In recent days, President-elect Trump has made progress in announcing the names of various individuals he intends to nominate to serve in some of the most senior and influential leadership positions at the Department of Health and Human Services (HHS) and which also require Senate confirmation. The first of these announcements was that President-elect Trump intends to nominate RFK Jr. to serve as HHS Secretary. The HHS Secretary is responsible for overseeing all 13 of the Department’s Operating Divisions, including the FDA, in addition to the Department’s staff divisions. President-elect Trump also recently announced his intent to nominate physician and former Representative Dave Weldon (R-FL) to serve as the next Director of the Centers for Disease Control and Prevention and Dr. Janette Nesheiwat as the next Surgeon General.
President-elect Trump announcing his intent to nominate Dr. Makary to serve as the next Commissioner of Food and Drugs is the first step in the Senate confirmation process. Once the 119th Congress commences early next year, his nomination would be expected to be taken up by the Senate Health, Education, Labor and Pensions (HELP) Committee, including the HELP Committee holding a hearing on his nomination during which senators on both sides of the aisle who serve on that the Committee would likely delve into Dr. Makary’s previous health policy commentary. He will likely be asked a range of questions about how he would approach the role of Commissioner. Dr. Makary’s previous criticism of the FDA appears to be more nuanced than some of the other HHS nominees named by President-elect Trump thus far. His confirmation is subject to a 50-vote threshold, and with a Republican majority of 53 Senate seats, it is likely to be more of a question as to when, not if, Dr. Makary is confirmed to serve as the next Commissioner of Food and Drugs.

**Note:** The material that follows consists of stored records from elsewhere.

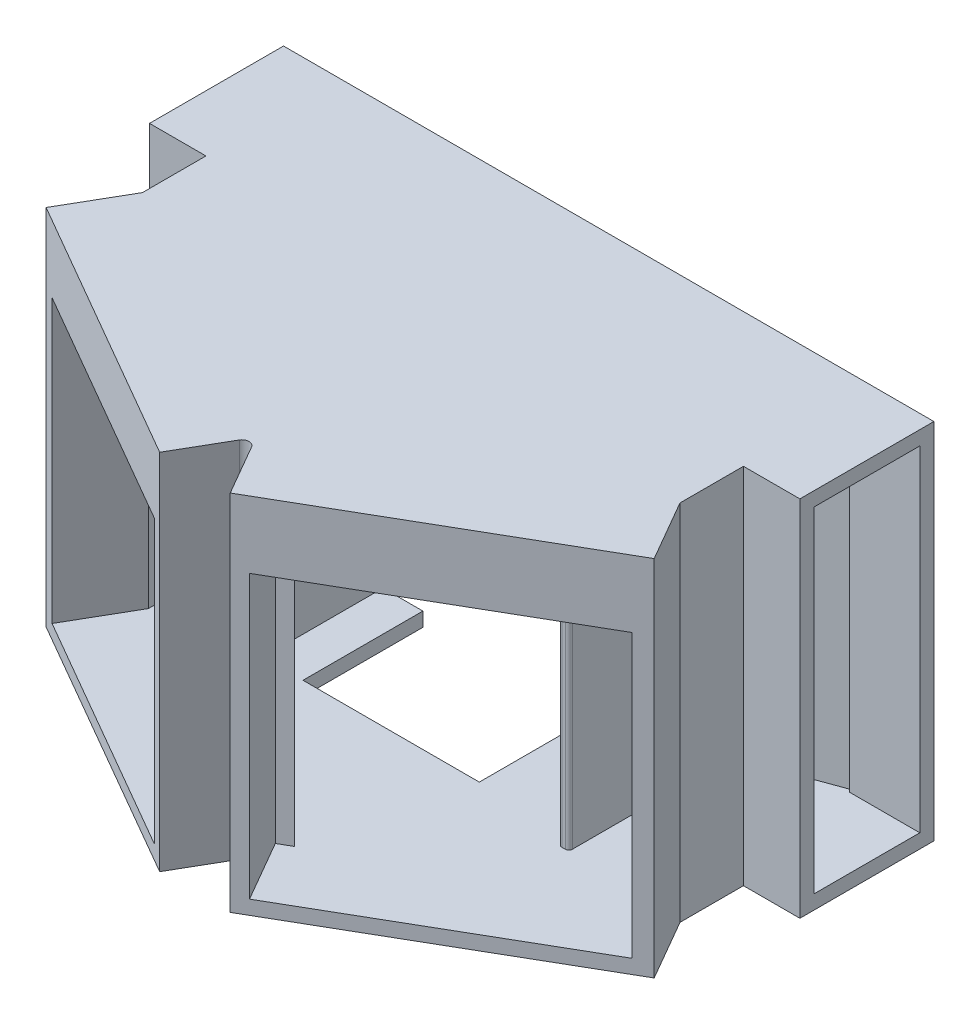
SolidWorks part; units mm, degrees
note: '?' marks a value the reader was unsure of.
ref_plane "Front Plane" through (0, 0, 0) normal (0, 0, 1) x (1, 0, 0)
ref_plane "Top Plane" through (0, 0, 0) normal (0, 1, 0) x (1, 0, 0)
ref_plane "Right Plane" through (0, 0, 0) normal (1, 0, 0) x (0, 0, -1)
sketch "Sketch1" plane through (0, 0, 0) normal (0, 0, 1) x (1, 0, 0)
  line L1 (-38.105, 25.75) -> (38.105, 25.75)
  line L2 (-38.105, 25.75) -> (-38.105, -25.75)
  line L3 (-38.105, -25.75) -> (38.105, -25.75)
  line L4 (38.105, 25.75) -> (38.105, -25.75)
  line L5 (-38.105, 25.75) -> (38.105, -25.75) construction
  line L6 (-38.105, -25.75) -> (38.105, 25.75) construction
  line L7 (-32, 21.6245) -> (32, 21.6245) construction
  line L8 (-32, 21.6245) -> (-32, -21.6245) construction
  line L9 (-32, -21.6245) -> (32, -21.6245) construction
  line L10 (32, 21.6245) -> (32, -21.6245) construction
  line L11 (-32, 21.6245) -> (32, -21.6245) construction
  line L12 (-32, -21.6245) -> (32, 21.6245) construction
  point P0 (0, 0)
  point P5 (0, 0)
  dimension "D1" = 76.21
  dimension "D2" = 51.5
  dimension "D3" = 64
extrude "Boss-Extrude1" add sketch "Sketch1" along normal mid plane 50
shell "Shell1" thickness 2
sketch "Sketch3" plane through (0, 0, 0) normal (0, 1, 0) x (1, 0, 0)
  line L0 (0, 26.1201) -> (0, -31.3943) construction
  line L1 (0, -25) -> (-38.105, -3.0001)
  line L2 (38.105, -25) -> (-38.105, -25) construction
  line L3 (-38.105, -25) -> (-38.105, 25) construction
  line L4 (-38.105, -3.0001) -> (-38.105, -25)
  line L5 (-38.105, -25) -> (0, -25)
  dimension "D1" = 60
extrude "Cut-Extrude1" cut sketch "Sketch3" against normal through all both and the other way through all
mirror "Mirror1" about plane through (0, 0, 0) normal (1, 0, 0) of "Cut-Extrude1"
sketch "Sketch4" plane through (-10.8253, 0, 18.75) normal (-0.5, 0, 0.866) x (0.866, 0, 0.5)
  line L0 (8.5, -23.75) -> (-29.1905, -23.75) construction
  line L1 (-31.4999, 25.75) -> (12.5, 25.75)
  line L2 (-31.4999, 25.75) -> (-31.4999, -25.75)
  line L3 (-31.4999, -25.75) -> (12.5, -25.75)
  line L4 (12.5, 25.75) -> (12.5, -25.75)
  line L5 (-29.1905, 23.75) -> (10.5, 23.75)
  line L6 (-29.1905, 23.75) -> (-29.1905, -23.75)
  line L7 (-29.1905, -23.75) -> (10.5, -23.75)
  line L8 (10.5, 23.75) -> (10.5, -23.75)
  dimension "D1" = 2
extrude "Boss-Extrude2" add sketch "Sketch4" along normal blind 10
mirror "Mirror2" about plane through (0, 0, 0) normal (1, 0, 0) of "Boss-Extrude2"
sketch "Sketch5" plane through (0, -23.75, 0) normal (0, 1, 0) x (1, 0, 0)
  line L5 (-36.105, 25) -> (36.105, 25) construction
  line L11 (-22, 19.8662) -> (-36.105, 25)
  line L12 (-23.5, -4.1548) -> (-22, -4.1548)
  line L13 (-23.5, -4.1548) -> (-23.5, 18.9122)
  line L15 (-22, -4.1548) -> (-22, 19.8662)
  line L16 (-36.105, -4.1548) -> (-36.105, 25) construction
  line L17 (-23.5, 18.9122) -> (-36.105, 23.5)
  line L18 (-36.105, 25) -> (-36.105, 23.5)
  dimension "D1" = 1.5
  dimension "D4" = 20
  dimension "D3" = 22
  dimension "D2" = 1.5
extrude "Boss-Extrude3" add sketch "Sketch5" along normal up to next
fillet "Fillet1" radius 0.5 2 edges at (-23.5, 0, 4.1548) (-22, 0, 4.1548)
fillet "Fillet3" radius 6 2 edges at (-22, 0, -19.8662) (-23.5, 0, -18.9122)
mirror "Mirror3" about plane through (0, 0, 0) normal (1, 0, 0) of "Fillet1", "Fillet3", "Boss-Extrude3"
sketch "Sketch6" plane through (0, -23.75, 0) normal (0, 1, 0) x (1, 0, 0)
  line L0 (-36.105, 25) -> (36.105, 25) construction
  line L1 (-28.3443, 25) -> (11.6557, 25)
  line L2 (-28.3443, 25) -> (-28.3443, 15)
  line L3 (-28.3443, 15) -> (-16.3443, 15)
  line L4 (11.6557, 25) -> (11.6557, 15)
  line L6 (-16.3443, 15) -> (-16.3443, -2)
  line L7 (-16.3443, -2) -> (8.6557, -2)
  line L8 (8.6557, -2) -> (8.6557, 15)
  line L9 (8.6557, 15) -> (11.6557, 15)
  line L10 (11.6557, 48.4) -> (11.6557, 27.5) construction
  point P12 (-3.8443, -2)
  dimension "D1" = 10
  dimension "D2" = 40
  dimension "D4" = 25
  dimension "D5" = 17
extrude "Cut-Extrude2" cut sketch "Sketch6" against normal through all
sketch "Sketch7" plane through (0, -23.75, 0) normal (0, 1, 0) x (1, 0, 0)
  line L0 (36.105, -4.1548) -> (36.105, 23.5) construction
  line L1 (11.6557, 25) -> (36.105, 25)
  line L2 (11.6557, 25) -> (11.6557, 23.5)
  line L3 (11.6557, 23.5) -> (36.105, 23.5)
  line L4 (36.105, 25) -> (36.105, 23.5)
  dimension "D1" = 1.5
extrude "Boss-Extrude4" add sketch "Sketch7" along normal up to next
sketch "Sketch8" plane through (0, 0, -25) normal (0, 0, -1) x (-1, 0, 0)
  line L0 (-16.6557, 19) -> (-16.6557, -21) construction
  line L1 (-14.6557, 19) -> (-14.6557, -21)
  line L2 (-18.6557, 19) -> (-18.6557, -21)
  line L3 (-11.6557, -25.75) -> (-11.6557, 23.75) construction
  arc A0 (-14.6557, 19) -> (-18.6557, 19) centre (-16.6557, 19) ccw
  arc A1 (-18.6557, -21) -> (-14.6557, -21) centre (-16.6557, -21) ccw
  point P2 (-16.6557, -1)
  point P9 (-11.6557, -1)
  point P10 (-14.6557, -1)
  dimension "D1" = 4
  dimension "D3" = 40
  dimension "D2" = 3
extrude "Cut-Extrude3" cut sketch "Sketch8" against normal up to next
pattern_linear "LPattern1" count 2 spacing 8 along (1, 0, 0) of "Cut-Extrude3"
sketch "Sketch9" plane through (0, 0, -25) normal (0, 0, -1) x (-1, 0, 0)
  circle A0 centre (21.8443, 11.4) radius 1.5
  circle A1 centre (21.8443, 11.4) radius 2
  circle A2 centre (21.8443, 11.4) radius 1.5 construction
  circle A3 centre (21.8443, 11.4) radius 2 construction
extrude "Boss-Extrude5" add sketch "Sketch9" against normal blind 5 separate body
sketch "Sketch10" plane through (0, 0, -20) normal (0, 0, 1) x (1, 0, 0)
  line L1 (-19.8443, 13.4) -> (-23.8443, 13.4)
  line L2 (-19.8443, 13.4) -> (-19.8443, 9.4)
  line L3 (-19.8443, 9.4) -> (-23.8443, 9.4)
  line L4 (-23.8443, 13.4) -> (-23.8443, 9.4)
  circle A0 centre (-21.8443, 11.4) radius 2 construction
extrude "Boss-Extrude6" add sketch "Sketch10" along normal blind 7
sketch "Sketch11" plane through (0, 13.4, 0) normal (0, 1, 0) x (1, 0, 0)
  line L5 (-19.8443, 20) -> (-21.8443, 20)
  line L6 (-21.8443, 20) -> (-23.8443, 20)
  line L7 (-23.8443, 20) -> (-23.8443, 13)
  line L8 (-23.8443, 13) -> (-19.8443, 13)
  line L9 (-19.8443, 13) -> (-19.8443, 20)
  line L10 (-19.8443, 20) -> (-21.8443, 20)
  line L11 (-21.8443, 20) -> (-23.8443, 20)
  line L12 (-23.8443, 20) -> (-23.8443, 13)
  line L13 (-23.8443, 13) -> (-19.8443, 13)
  line L14 (-19.8443, 13) -> (-19.8443, 20)
  dimension "D1" = 0
extrude "Boss-Extrude7" add sketch "Sketch11" along normal up to next
sketch "Sketch12" plane through (0, 0, -25) normal (0, 0, -1) x (-1, 0, 0)
  circle A1 centre (39.3443, -7.5) radius 2
  circle A2 centre (39.3443, -7.5) radius 2 construction
  point P7 (39.3443, -7.5)
extrude "Boss-Extrude8" add sketch "Sketch12" against normal blind 10
ref_axis "Axis1" through (-39.3443, -7.5, -15) along (0, 0, -1)?
hole_wizard "Ø1.5mm Dowel Hole1" positions "Sketch13" profile "Sketch14" hole size "Ø1.5" standard "ANSI Metric"
sketch "Sketch13" plane through (0, 0, -25) normal (0, 0, -1) x (-1, 0, 0)
  point P0 (39.3443, -7.5)
sketch "Sketch14" plane through (-39.3443, -7.5, -25) normal (1, 0, 0) x (0, 1, 0)
  line L0 (0, 0) -> (0, 5.4506)
  line L1 (0, 5.4506) -> (0.75, 5)
  line L2 (0.75, 5) -> (0.75, 0)
  line L5 (0.75, 0) -> (0, 0)
  line L10 (0, 5.4506) -> (-0.75, 5) construction
  line L11 (0, -6.35) -> (0, 107.95) construction
  dimension "Hole Dia." = 1.5
  dimension "Hole Depth" = 5
  dimension "Drill Angle" = 118
fillet "Fillet5" radius 1 1 edges at (0, 0, 25)
ref_plane "Plane1" through (0, 0, 3.0001) normal (0, 0, 1) x (1, 0, 0)
sketch "Sketch15" plane through (36.105, 0, 0) normal (-1, 0, 0) x (0, 0, 1)
  line L0 (-25, 25.75) -> (-25, -25.75)
  line L1 (-25, -25.75) -> (-6, -25.75)
  line L2 (-6, -25.75) -> (-6, 25.75)
  line L3 (-6, 25.75) -> (-25, 25.75)
  line L4 (-23.5, 23.75) -> (-23.5, -23.75)
  line L5 (-23.5, -23.75) -> (4.1548, -23.75)
  line L6 (4.1548, -23.75) -> (4.1548, 23.75)
  line L7 (4.1548, 23.75) -> (-23.5, 23.75)
  line L8 (-23, 23.75) -> (-23, -23.75)
  line L9 (-23, -23.75) -> (-8, -23.75)
  line L10 (-8, -23.75) -> (-8, 23.75)
  line L11 (-8, 23.75) -> (-23, 23.75)
  line L13 (-25, -25.75) -> (-25, 25.75) construction
  dimension "D3" = 15
  dimension "D1" = 0
  dimension "D2" = 2
extrude "Boss-Extrude9" add sketch "Sketch15" against normal blind 10
sketch "Sketch16" plane through (36.105, 0, 0) normal (-1, 0, 0) x (0, 0, 1)
  line L4 (-8, 23.75) -> (-23, 23.75)
  line L13 (-8, 23.75) -> (-23, 23.75)
  line L20 (-23, -23.75) -> (-8, -23.75)
  line L22 (-23, -23.75) -> (-8, -23.75)
  line L24 (-23, 23.75) -> (-23, -23.75)
  line L25 (-23, 23.75) -> (-23, -23.75)
  line L26 (-8, -23.75) -> (-8, 23.75)
  line L27 (-8, -23.75) -> (-8, 23.75)
  dimension "D1" = 0
extrude "Cut-Extrude4" cut sketch "Sketch16" against normal up to next
mirror "Mirror4" about plane through (0, 0, 0) normal (1, 0, 0) of "Boss-Extrude9", "Cut-Extrude4"
sketch "Sketch19" plane through (-25.2797, 0, -14.5952) normal (0.866, 0, 0.5) x (0.5, 0, -0.866)
  line L0 (-21.6506, -23.75) -> (-21.6506, 23.75) construction
  line L1 (-31.6506, 23.75) -> (-21.6506, 23.75)
  line L2 (-31.6506, 23.75) -> (-31.6506, 16.25)
  line L3 (-31.6506, 16.25) -> (-21.6506, 16.25)
  line L4 (-21.6506, 23.75) -> (-21.6506, 16.25)
  dimension "D1" = 7.5
extrude "Boss-Extrude10" add sketch "Sketch19" along normal up to next
mirror "Mirror5" about plane through (0, 0, 0) normal (1, 0, 0) of "Boss-Extrude10"

The Commissioner of Food and Drugs is one of the most anticipated political appointee nominations, given the breadth of the FDA’s mission to protect and promote public health. FDA is responsible for ensuring the safety, efficacy and security of human and veterinary drugs, biological products and medical devices. The agency is also charged with ensuring the safety of our nation’s food supply, cosmetics and products that emit radiation. In addition, FDA regulates the manufacturing, marketing and distribution of tobacco products. FDA ensures the security of the food supply and fosters development of medical products to respond to public health threats whether naturally occurring, like an emerging infectious disease, or deliberate.
The agency’s regulatory responsibilities are vast and impacts are not limited to patients and public health but also extend to the economy: FDA-regulated products account for 20 cents of every dollar spent by U.S. consumers. Even though FDA does not have a direct role in medical product pricing, how the agency’s regulatory frameworks are structured and implemented does impact the timing its takes for products to reach the market, whether they are new innovations for unmet public health needs or those like generic drugs, and medical devices cleared under 510(k) as substantially equivalent, which may expand choices for consumers and thereby foster competition.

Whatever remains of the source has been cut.